**DATASET ENTRIES:**
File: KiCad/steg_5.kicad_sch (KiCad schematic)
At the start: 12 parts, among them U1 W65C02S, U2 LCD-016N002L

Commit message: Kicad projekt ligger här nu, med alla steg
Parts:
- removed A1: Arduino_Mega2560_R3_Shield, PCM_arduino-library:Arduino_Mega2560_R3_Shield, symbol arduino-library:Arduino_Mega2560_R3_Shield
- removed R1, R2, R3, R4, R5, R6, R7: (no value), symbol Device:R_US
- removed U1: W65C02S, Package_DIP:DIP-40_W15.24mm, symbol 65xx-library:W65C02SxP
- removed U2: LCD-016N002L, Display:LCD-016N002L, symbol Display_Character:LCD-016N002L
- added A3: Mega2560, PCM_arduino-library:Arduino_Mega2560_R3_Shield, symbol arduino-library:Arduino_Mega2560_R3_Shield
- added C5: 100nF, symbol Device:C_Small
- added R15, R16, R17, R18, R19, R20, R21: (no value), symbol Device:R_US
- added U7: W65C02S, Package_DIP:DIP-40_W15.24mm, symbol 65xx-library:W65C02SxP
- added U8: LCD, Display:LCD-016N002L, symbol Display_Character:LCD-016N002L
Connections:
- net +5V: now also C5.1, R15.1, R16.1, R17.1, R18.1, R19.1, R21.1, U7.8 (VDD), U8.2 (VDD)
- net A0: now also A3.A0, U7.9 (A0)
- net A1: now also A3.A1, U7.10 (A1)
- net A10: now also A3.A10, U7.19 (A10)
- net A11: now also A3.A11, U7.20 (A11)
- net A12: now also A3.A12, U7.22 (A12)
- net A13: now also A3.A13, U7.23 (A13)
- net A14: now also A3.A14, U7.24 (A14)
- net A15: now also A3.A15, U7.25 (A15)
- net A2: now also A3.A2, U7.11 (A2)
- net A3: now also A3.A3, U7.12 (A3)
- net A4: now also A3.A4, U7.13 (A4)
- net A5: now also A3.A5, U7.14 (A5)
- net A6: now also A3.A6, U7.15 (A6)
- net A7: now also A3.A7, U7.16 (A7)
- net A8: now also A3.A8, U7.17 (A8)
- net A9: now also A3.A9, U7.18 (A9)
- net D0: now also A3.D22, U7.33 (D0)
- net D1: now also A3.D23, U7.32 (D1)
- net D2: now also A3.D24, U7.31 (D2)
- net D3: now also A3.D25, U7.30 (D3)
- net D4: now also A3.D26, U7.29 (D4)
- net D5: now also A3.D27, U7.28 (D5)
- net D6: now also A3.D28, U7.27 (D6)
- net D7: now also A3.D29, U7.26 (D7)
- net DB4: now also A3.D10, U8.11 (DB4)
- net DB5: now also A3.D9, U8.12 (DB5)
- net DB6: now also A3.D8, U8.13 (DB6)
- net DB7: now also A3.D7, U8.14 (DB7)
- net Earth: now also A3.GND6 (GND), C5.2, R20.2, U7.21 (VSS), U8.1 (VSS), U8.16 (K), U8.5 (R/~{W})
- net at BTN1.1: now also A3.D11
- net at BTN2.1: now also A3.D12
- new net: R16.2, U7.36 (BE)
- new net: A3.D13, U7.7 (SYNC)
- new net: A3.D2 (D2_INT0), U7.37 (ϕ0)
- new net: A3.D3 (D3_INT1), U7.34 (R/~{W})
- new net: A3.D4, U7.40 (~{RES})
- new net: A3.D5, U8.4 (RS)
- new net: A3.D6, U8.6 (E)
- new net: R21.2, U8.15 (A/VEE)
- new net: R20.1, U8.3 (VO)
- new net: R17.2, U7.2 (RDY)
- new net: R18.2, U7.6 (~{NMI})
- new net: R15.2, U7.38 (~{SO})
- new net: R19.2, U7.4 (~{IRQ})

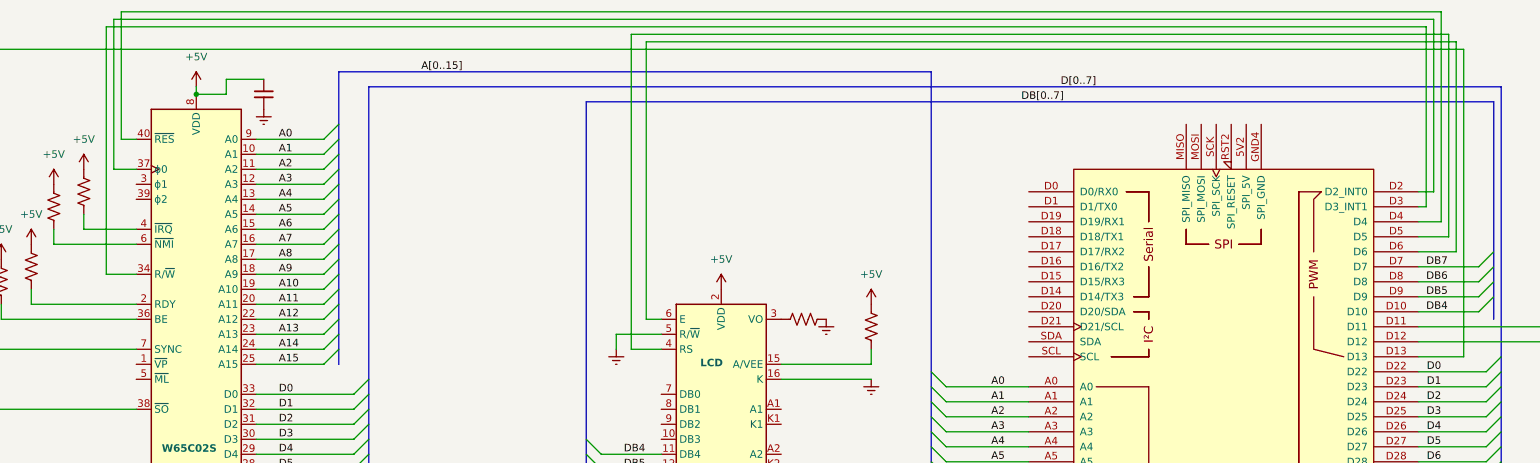
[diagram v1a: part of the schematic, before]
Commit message: Add trim potentiometer symbol and update power symbols in schematics
- Introduced a new trim potentiometer symbol (Device:R_Potentiometer_Trim) with properties for reference, value, footprint, and simulation details.
- Updated existing power symbols for +5V and Earth, including new references and descriptions.
- Adjusted positions and properties of various components in the schematic to enhance clarity and organization.
- Updated multiple schematic images to reflect the latest changes.
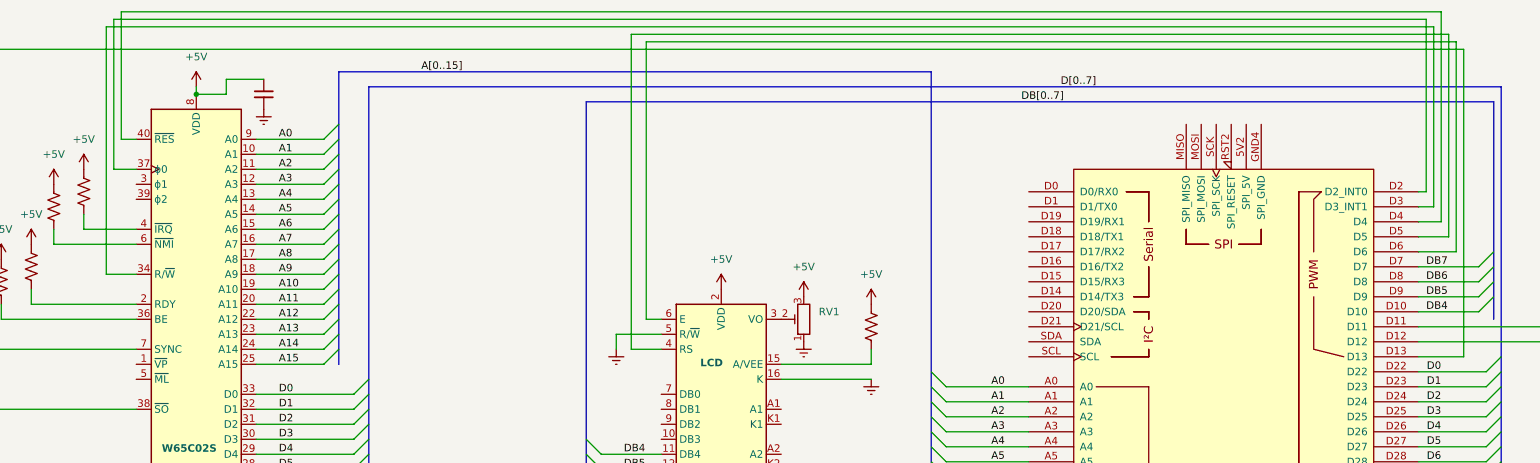
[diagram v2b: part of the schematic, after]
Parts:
- removed R20: (no value), symbol Device:R_US
- added RV1: R_Potentiometer_Trim, symbol Device:R_Potentiometer_Trim
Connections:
- net +5V: now also RV1.3
- net Earth: now also RV1.1
- net at U8.3 (VO): now also RV1.2
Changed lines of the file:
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@@
 	(wire
 		(pts
-			(xy 106.68 67.31) (xy 330.2 67.31)
+			(xy 106.68 67.31) (xy 331.47 67.31)
 		)
 		(stroke
@@
 	(wire
 		(pts
-			(xy 331.47 66.04) (xy 331.47 95.25)
+			(xy 330.2 66.04) (xy 330.2 95.25)
 		)
 		(stroke
@@
 	(wire
 		(pts
-			(xy 331.47 95.25) (xy 328.93 95.25)
+			(xy 330.2 95.25) (xy 328.93 95.25)
 		)
 		(stroke
@@
 	(wire
 		(pts
-			(xy 330.2 97.79) (xy 328.93 97.79)
+			(xy 331.47 97.79) (xy 328.93 97.79)
 		)
 		(stroke
@@
 	(wire
 		(pts
-			(xy 330.2 67.31) (xy 330.2 97.79)
+			(xy 331.47 67.31) (xy 331.47 97.79)
 		)
 		(stroke
@@
 	(wire
 		(pts
-			(xy 107.95 66.04) (xy 331.47 66.04)
+			(xy 107.95 66.04) (xy 330.2 66.04)
 		)
 		(stroke
@@
 	)
 	(symbol
+		(lib_id "power:+5V")
+		(at 224.79 113.03 0)
+		(unit 1)
+		(body_style 1)
+		(exclude_from_sim no)
+		(in_bom yes)
+		(on_board yes)
+		(in_pos_files yes)
+		(dnp no)
+		(fields_autoplaced yes)
+		(property "Reference" "#PWR058"
+			(at 224.79 116.84 0)
+			(hide yes)
+			(show_name no)
+			(do_not_autoplace no)
+			(effects
+				(font
+					(size 1.27 1.27)
+				)
+			)
+		)
+		(property "Value" "+5V"
+			(at 224.79 107.95 0)
+			(show_name no)
+			(do_not_autoplace no)
+			(effects
+				(font
+					(size 1.27 1.27)
+				)
+			)
+		)
+		(property "Footprint" ""
+			(at 224.79 113.03 0)
+			(hide yes)
+			(show_name no)
+			(do_not_autoplace no)
+			(effects
+				(font
+					(size 1.27 1.27)
+				)
+			)
+		)
+		(property "Datasheet" ""
+			(at 224.79 113.03 0)
+			(hide yes)
+			(show_name no)
+			(do_not_autoplace no)
+			(effects
+				(font
+					(size 1.27 1.27)
+				)
+			)
+		)
+		(property "Description" "Power symbol creates a global label with name \"+5V\""
+			(at 224.79 113.03 0)
+			(hide yes)
+			(show_name no)
+			(do_not_autoplace no)
+			(effects
+				(font
+					(size 1.27 1.27)
+				)
+			)
+		)
+		(pin "1"
+		)
+		(instances
+			(project "6502.smutje.se"
+				(path "/34693de8-e0e2-47e7-9988-a0d185b88162"
+					(reference "#PWR058")
+					(unit 1)
+				)
+			)
+		)
+	)
+	(symbol
 		(lib_id "Device:R_US")
 		(at 88.9 110.49 0)
@@
 	)
 	(symbol
+		(lib_id "power:Earth")
+		(at 224.79 120.65 0)
+		(unit 1)
+		(body_style 1)
+		(exclude_from_sim no)
+		(in_bom yes)
+		(on_board yes)
+		(in_pos_files yes)
+		(dnp no)
+		(fields_autoplaced yes)
+		(property "Reference" "#PWR057"
+			(at 224.79 127 0)
+			(hide yes)
+			(show_name no)
+			(do_not_autoplace no)
+			(effects
+				(font
+					(size 1.27 1.27)
+				)
+			)
+		)
+		(property "Value" "Earth"
+			(at 224.79 125.73 0)
+			(hide yes)
+			(show_name no)
+			(do_not_autoplace no)
+			(effects
+				(font
+					(size 1.27 1.27)
+				)
+			)
+		)
+		(property "Footprint" ""
+			(at 224.79 120.65 0)
+			(hide yes)
+			(show_name no)
+			(do_not_autoplace no)
+			(effects
+				(font
+					(size 1.27 1.27)
+				)
+			)
+		)
+		(property "Datasheet" ""
+			(at 224.79 120.65 0)
+			(hide yes)
+			(show_name no)
+			(do_not_autoplace no)
+			(effects
+				(font
+					(size 1.27 1.27)
+				)
+			)
+		)
+		(property "Description" "Power symbol creates a global label with name \"Earth\""
+			(at 224.79 120.65 0)
+			(hide yes)
+			(show_name no)
+			(do_not_autoplace no)
+			(effects
+				(font
+					(size 1.27 1.27)
+				)
+			)
+		)
+		(pin "1"
+		)
+		(instances
+			(project "6502.smutje.se"
+				(path "/34693de8-e0e2-47e7-9988-a0d185b88162"
+					(reference "#PWR057")
+					(unit 1)
+				)
+			)
+		)
+	)
+	(symbol
 		(lib_id "Device:R_US")
 		(at 97.79 97.79 0)
@@
 	)
 	(symbol
-		(lib_id "power:Earth")
-		(at 228.6 116.84 0)
+		(lib_id "Device:R_Potentiometer_Trim")
+		(at 224.79 116.84 180)
 		(unit 1)
 		(body_style 1)
@@
 		(dnp no)
 		(fields_autoplaced yes)
-		(property "Reference" "#PWR049"
-			(at 228.6 123.19 0)
-			(hide yes)
+		(property "Reference" "RV1"
+			(at 227.33 115.5699 0)
 			(show_name no)
 			(do_not_autoplace no)
@@
 					(size 1.27 1.27)
 				)
+				(justify right)
 			)
 		)
-		(property "Value" "Earth"
-			(at 228.6 121.92 0)
+		(property "Value" "R_Potentiometer_Trim"
+			(at 227.33 118.1099 0)
 			(hide yes)
 			(show_name no)
@@
 					(size 1.27 1.27)
 				)
+				(justify right)
 			)
 		)
 		(property "Footprint" ""
-			(at 228.6 116.84 0)
+			(at 224.79 116.84 0)
 			(hide yes)
 			(show_name no)
@@
 		)
 		(property "Datasheet" ""
-			(at 228.6 116.84 0)
+			(at 224.79 116.84 0)
 			(hide yes)
 			(show_name no)
@@
 			)
 		)
-		(property "Description" "Power symbol creates a global label with name \"Earth\""
-			(at 228.6 116.84 0)
+		(property "Description" "Trim-potentiometer"
+			(at 224.79 116.84 0)
+			(hide yes)
+			(show_name no)
+			(do_not_autoplace no)
+			(effects
+				(font
+					(size 1.27 1.27)
+				)
+			)
+		)
+		(property "Sim.Device" "R"
+			(at 224.79 116.84 0)
 			(hide yes)
 			(show_name no)
@@
 			)
 		)
+		(property "Sim.Type" "POT"
+			(at 224.79 116.84 0)
+			(hide yes)
+			(show_name no)
+			(do_not_autoplace no)
+			(effects
+				(font
+					(size 1.27 1.27)
+				)
+			)
+		)
+		(property "Sim.Pins" "1=r0 2=wiper 3=r1"
+			(at 224.79 116.84 0)
+			(hide yes)
+			(show_name no)
+			(do_not_autoplace no)
+			(effects
+				(font
+					(size 1.27 1.27)
+				)
+			)
+		)
+		(pin "3"
+		)
+		(pin "2"
+		)
 		(pin "1"
 		)
@@
 			(project "6502.smutje.se"
 				(path "/34693de8-e0e2-47e7-9988-a0d185b88162"
-					(reference "#PWR049")
+					(reference "RV1")
 					(unit 1)
 				)
@@
 					(unit 1)
 				)
-			)
-		)
-	)
-	(symbol
-		(lib_id "Device:R_US")
-		(at 224.79 116.84 90)
-		(unit 1)
-		(body_style 1)
-		(exclude_from_sim no)
-		(in_bom yes)
-		(on_board yes)
-		(in_pos_files yes)
-		(dnp no)
-		(property "Reference" "R20"
-			(at 223.5199 114.3 90)
-			(hide yes)
-			(show_name no)
-			(do_not_autoplace no)
-			(effects
-				(font
-					(size 1.27 1.27)
-				)
-				(justify left)
-			)
-		)
-		(property "Value" ""
-			(at 226.0599 114.3 0)
-			(show_name no)
-			(do_not_autoplace no)
-			(effects
-				(font
-					(size 1.27 1.27)
-				)
-				(justify left)
-			)
-		)
-		(property "Footprint" ""
-			(at 225.044 115.824 90)
-			(hide yes)
-			(show_name no)
-			(do_not_autoplace no)
-			(effects
-				(font
-					(size 1.27 1.27)
-				)
-			)
-		)
-		(property "Datasheet" ""
-			(at 224.79 116.84 0)
-			(hide yes)
-			(show_name no)
-			(do_not_autoplace no)
-			(effects
-				(font
-					(size 1.27 1.27)
-				)
-			)
-		)
-		(property "Description" "Resistor, US symbol"
-			(at 224.79 116.84 0)
-			(hide yes)
-			(show_name no)
-			(do_not_autoplace no)
-			(effects
-				(font
-					(size 1.27 1.27)
-				)
-			)
-		)
-		(pin "1"
-		)
-		(pin "2"
-		)
-		(instances
-			(project "6502.smutje.se"
-				(path "/34693de8-e0e2-47e7-9988-a0d185b88162"
-					(reference "R20")
-					(unit 1)
-				)

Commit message: Revert "Add trim potentiometer symbol and update power symbols in schematics"
This reverts commit c4bb345892a428583a00d61d4c040ffcc3a1eb40.
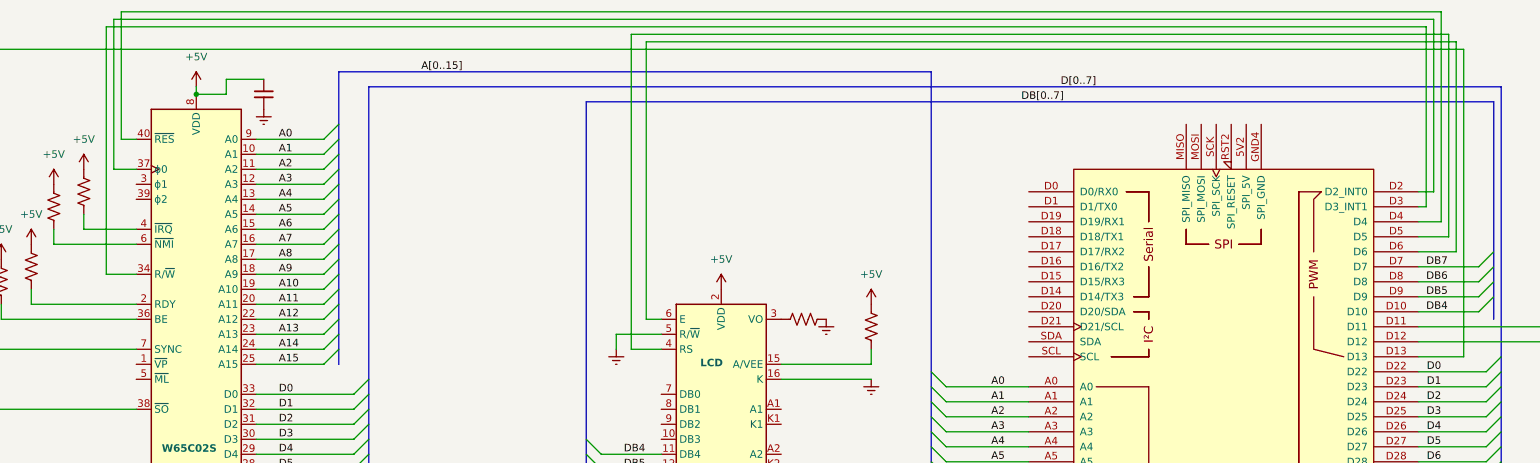
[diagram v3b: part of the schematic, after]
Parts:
- removed RV1: R_Potentiometer_Trim, symbol Device:R_Potentiometer_Trim
- added R20: (no value), symbol Device:R_US
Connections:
- net Earth: now also R20.2
- net at U8.3 (VO): now also R20.1
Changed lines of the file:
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@@
 	(wire
 		(pts
-			(xy 106.68 67.31) (xy 331.47 67.31)
+			(xy 106.68 67.31) (xy 330.2 67.31)
 		)
 		(stroke
@@
 	(wire
 		(pts
-			(xy 330.2 66.04) (xy 330.2 95.25)
+			(xy 331.47 66.04) (xy 331.47 95.25)
 		)
 		(stroke
@@
 	(wire
 		(pts
-			(xy 330.2 95.25) (xy 328.93 95.25)
+			(xy 331.47 95.25) (xy 328.93 95.25)
 		)
 		(stroke
@@
 	(wire
 		(pts
-			(xy 331.47 97.79) (xy 328.93 97.79)
+			(xy 330.2 97.79) (xy 328.93 97.79)
 		)
 		(stroke
@@
 	(wire
 		(pts
-			(xy 331.47 67.31) (xy 331.47 97.79)
+			(xy 330.2 67.31) (xy 330.2 97.79)
 		)
 		(stroke
@@
 	(wire
 		(pts
-			(xy 107.95 66.04) (xy 330.2 66.04)
+			(xy 107.95 66.04) (xy 331.47 66.04)
 		)
 		(stroke
@@
 	)
 	(symbol
-		(lib_id "power:+5V")
-		(at 224.79 113.03 0)
-		(unit 1)
-		(body_style 1)
-		(exclude_from_sim no)
-		(in_bom yes)
-		(on_board yes)
-		(in_pos_files yes)
-		(dnp no)
-		(fields_autoplaced yes)
-		(property "Reference" "#PWR058"
-			(at 224.79 116.84 0)
-			(hide yes)
-			(show_name no)
-			(do_not_autoplace no)
-			(effects
-				(font
-					(size 1.27 1.27)
-				)
-			)
-		)
-		(property "Value" "+5V"
-			(at 224.79 107.95 0)
-			(show_name no)
-			(do_not_autoplace no)
-			(effects
-				(font
-					(size 1.27 1.27)
-				)
-			)
-		)
-		(property "Footprint" ""
-			(at 224.79 113.03 0)
-			(hide yes)
-			(show_name no)
-			(do_not_autoplace no)
-			(effects
-				(font
-					(size 1.27 1.27)
-				)
-			)
-		)
-		(property "Datasheet" ""
-			(at 224.79 113.03 0)
-			(hide yes)
-			(show_name no)
-			(do_not_autoplace no)
-			(effects
-				(font
-					(size 1.27 1.27)
-				)
-			)
-		)
-		(property "Description" "Power symbol creates a global label with name \"+5V\""
-			(at 224.79 113.03 0)
-			(hide yes)
-			(show_name no)
-			(do_not_autoplace no)
-			(effects
-				(font
-					(size 1.27 1.27)
-				)
-			)
-		)
-		(pin "1"
-		)
-		(instances
-			(project "6502.smutje.se"
-				(path "/34693de8-e0e2-47e7-9988-a0d185b88162"
-					(reference "#PWR058")
-					(unit 1)
-				)
-			)
-		)
-	)
-	(symbol
 		(lib_id "Device:R_US")
 		(at 88.9 110.49 0)
@@
 	)
 	(symbol
-		(lib_id "power:Earth")
-		(at 224.79 120.65 0)
-		(unit 1)
-		(body_style 1)
-		(exclude_from_sim no)
-		(in_bom yes)
-		(on_board yes)
-		(in_pos_files yes)
-		(dnp no)
-		(fields_autoplaced yes)
-		(property "Reference" "#PWR057"
-			(at 224.79 127 0)
-			(hide yes)
-			(show_name no)
-			(do_not_autoplace no)
-			(effects
-				(font
-					(size 1.27 1.27)
-				)
-			)
-		)
-		(property "Value" "Earth"
-			(at 224.79 125.73 0)
-			(hide yes)
-			(show_name no)
-			(do_not_autoplace no)
-			(effects
-				(font
-					(size 1.27 1.27)
-				)
-			)
-		)
-		(property "Footprint" ""
-			(at 224.79 120.65 0)
-			(hide yes)
-			(show_name no)
-			(do_not_autoplace no)
-			(effects
-				(font
-					(size 1.27 1.27)
-				)
-			)
-		)
-		(property "Datasheet" ""
-			(at 224.79 120.65 0)
-			(hide yes)
-			(show_name no)
-			(do_not_autoplace no)
-			(effects
-				(font
-					(size 1.27 1.27)
-				)
-			)
-		)
-		(property "Description" "Power symbol creates a global label with name \"Earth\""
-			(at 224.79 120.65 0)
-			(hide yes)
-			(show_name no)
-			(do_not_autoplace no)
-			(effects
-				(font
-					(size 1.27 1.27)
-				)
-			)
-		)
-		(pin "1"
-		)
-		(instances
-			(project "6502.smutje.se"
-				(path "/34693de8-e0e2-47e7-9988-a0d185b88162"
-					(reference "#PWR057")
-					(unit 1)
-				)
-			)
-		)
-	)
-	(symbol
 		(lib_id "Device:R_US")
 		(at 97.79 97.79 0)
@@
 	)
 	(symbol
-		(lib_id "Device:R_Potentiometer_Trim")
-		(at 224.79 116.84 180)
+		(lib_id "power:Earth")
+		(at 228.6 116.84 0)
 		(unit 1)
 		(body_style 1)
@@
 		(dnp no)
 		(fields_autoplaced yes)
-		(property "Reference" "RV1"
-			(at 227.33 115.5699 0)
+		(property "Reference" "#PWR049"
+			(at 228.6 123.19 0)
+			(hide yes)
 			(show_name no)
 			(do_not_autoplace no)
@@
 					(size 1.27 1.27)
 				)
-				(justify right)
 			)
 		)
-		(property "Value" "R_Potentiometer_Trim"
-			(at 227.33 118.1099 0)
+		(property "Value" "Earth"
+			(at 228.6 121.92 0)
 			(hide yes)
 			(show_name no)
@@
 					(size 1.27 1.27)
 				)
-				(justify right)
 			)
 		)
 		(property "Footprint" ""
-			(at 224.79 116.84 0)
+			(at 228.6 116.84 0)
 			(hide yes)
 			(show_name no)
@@
 		)
 		(property "Datasheet" ""
-			(at 224.79 116.84 0)
-			(hide yes)
-			(show_name no)
-			(do_not_autoplace no)
-			(effects
-				(font
-					(size 1.27 1.27)
-				)
-			)
-		)
-		(property "Description" "Trim-potentiometer"
-			(at 224.79 116.84 0)
+			(at 228.6 116.84 0)
 			(hide yes)
 			(show_name no)
@@
 			)
 		)
-		(property "Sim.Device" "R"
-			(at 224.79 116.84 0)
-			(hide yes)
-			(show_name no)
-			(do_not_autoplace no)
-			(effects
-				(font
-					(size 1.27 1.27)
-				)
-			)
-		)
-		(property "Sim.Type" "POT"
-			(at 224.79 116.84 0)
-			(hide yes)
-			(show_name no)
-			(do_not_autoplace no)
-			(effects
-				(font
-					(size 1.27 1.27)
-				)
-			)
-		)
-		(property "Sim.Pins" "1=r0 2=wiper 3=r1"
-			(at 224.79 116.84 0)
+		(property "Description" "Power symbol creates a global label with name \"Earth\""
+			(at 228.6 116.84 0)
 			(hide yes)
 			(show_name no)
@@
 			)
 		)
-		(pin "3"
-		)
-		(pin "2"
-		)
 		(pin "1"
 		)
@@
 			(project "6502.smutje.se"
 				(path "/34693de8-e0e2-47e7-9988-a0d185b88162"
-					(reference "RV1")
+					(reference "#PWR049")
 					(unit 1)
 				)
@@
 					(unit 1)
 				)
+			)
+		)
+	)
+	(symbol
+		(lib_id "Device:R_US")
+		(at 224.79 116.84 90)
+		(unit 1)
+		(body_style 1)
+		(exclude_from_sim no)
+		(in_bom yes)
+		(on_board yes)
+		(in_pos_files yes)
+		(dnp no)
+		(property "Reference" "R20"
+			(at 223.5199 114.3 90)
+			(hide yes)
+			(show_name no)
+			(do_not_autoplace no)
+			(effects
+				(font
+					(size 1.27 1.27)
+				)
+				(justify left)
+			)
+		)
+		(property "Value" ""
+			(at 226.0599 114.3 0)
+			(show_name no)
+			(do_not_autoplace no)
+			(effects
+				(font
+					(size 1.27 1.27)
+				)
+				(justify left)
+			)
+		)
+		(property "Footprint" ""
+			(at 225.044 115.824 90)
+			(hide yes)
+			(show_name no)
+			(do_not_autoplace no)
+			(effects
+				(font
+					(size 1.27 1.27)
+				)
+			)
+		)
+		(property "Datasheet" ""
+			(at 224.79 116.84 0)
+			(hide yes)
+			(show_name no)
+			(do_not_autoplace no)
+			(effects
+				(font
+					(size 1.27 1.27)
+				)
+			)
+		)
+		(property "Description" "Resistor, US symbol"
+			(at 224.79 116.84 0)
+			(hide yes)
+			(show_name no)
+			(do_not_autoplace no)
+			(effects
+				(font
+					(size 1.27 1.27)
+				)
+			)
+		)
+		(pin "1"
+		)
+		(pin "2"
+		)
+		(instances
+			(project "6502.smutje.se"
+				(path "/34693de8-e0e2-47e7-9988-a0d185b88162"
+					(reference "R20")
+					(unit 1)
+				)

**HOW TO COMPLETE THIS TASK:** Show the lines of the records that include the string "Display".

**EXERCISE OUTPUT:**
- removed U2: LCD-016N002L, Display:LCD-016N002L, symbol Display_Character:LCD-016N002L
- added U8: LCD, Display:LCD-016N002L, symbol Display_Character:LCD-016N002L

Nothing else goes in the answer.